── Information ──

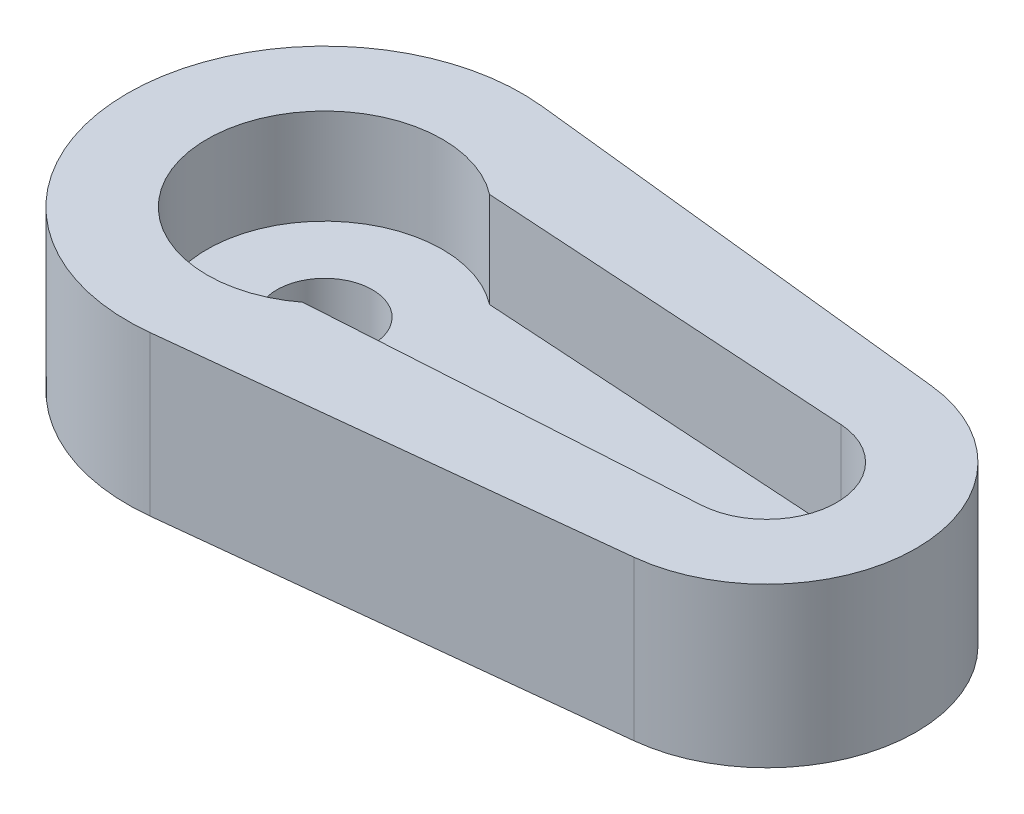
from build123d import *

# Parameters (mm, degrees)
SKETCH1_R           = 1.5
BOSS_EXTRUDE1_DEPTH = 2
BOSS_EXTRUDE2_DEPTH = 5


with BuildPart() as part:
    # Sketch1 → Boss-Extrude1 (new body)
    with BuildSketch(Plane(origin=(0, 0, 0), x_dir=(1, 0, 0), z_dir=(0, 1, 0))):
        with BuildLine():
            Line((14.03813079, 2.195659328), (2.25, 2.937260629))
            ThreePointArc((2.25, 2.937260629), (-3.7, 0), (2.25, -2.937260629))
            Line((2.25, -2.937260629), (14.03813079, -2.195659328))
            ThreePointArc((14.03813079, -2.195659328), (16.1, 0), (14.03813079, 2.195659328))
        make_face()
        Circle(SKETCH1_R, mode=Mode.SUBTRACT)
    extrude(amount=BOSS_EXTRUDE1_DEPTH)

    # Sketch1<3> → Boss-Extrude2 (add)
    with BuildSketch(Plane(origin=(0, 0, 0), x_dir=(1, 0, 0), z_dir=(0, 1, 0))):
        with BuildLine():
            Line((14.407194245, 4.672553263), (0.669064748, 6.163793666))
            ThreePointArc((0.669064748, 6.163793666), (-6.2, 0), (0.669064748, -6.163793666))
            Line((0.669064748, -6.163793666), (14.407194245, -4.672553263))
            ThreePointArc((14.407194245, -4.672553263), (18.6, 0), (14.407194245, 4.672553263))
        make_face()
        with BuildLine():
            ThreePointArc((2.25, -2.937260629), (-3.7, 0), (2.25, 2.937260629))
            Line((2.25, 2.937260629), (14.03813079, 2.195659328))
            ThreePointArc((14.03813079, 2.195659328), (16.1, 0), (14.03813079, -2.195659328))
            Line((14.03813079, -2.195659328), (2.25, -2.937260629))
        make_face(mode=Mode.SUBTRACT)
    extrude(amount=BOSS_EXTRUDE2_DEPTH)


solid = part.part

───

Work to complete —
Starting with the line with "0), (14.03813079, 2.195659328))" above and going on through the line with "Line((0.669064748, -6.163793666), (14.407194245, -4.672553263))", transcribe every line exactly, both ends included, and add nothing.

Response area —
            ThreePointArc((14.03813079, -2.195659328), (16.1, 0), (14.03813079, 2.195659328))
        make_face()
        Circle(SKETCH1_R, mode=Mode.SUBTRACT)
    extrude(amount=BOSS_EXTRUDE1_DEPTH)

    # Sketch1<3> → Boss-Extrude2 (add)
    with BuildSketch(Plane(origin=(0, 0, 0), x_dir=(1, 0, 0), z_dir=(0, 1, 0))):
        with BuildLine():
            Line((14.407194245, 4.672553263), (0.669064748, 6.163793666))
            ThreePointArc((0.669064748, 6.163793666), (-6.2, 0), (0.669064748, -6.163793666))
            Line((0.669064748, -6.163793666), (14.407194245, -4.672553263))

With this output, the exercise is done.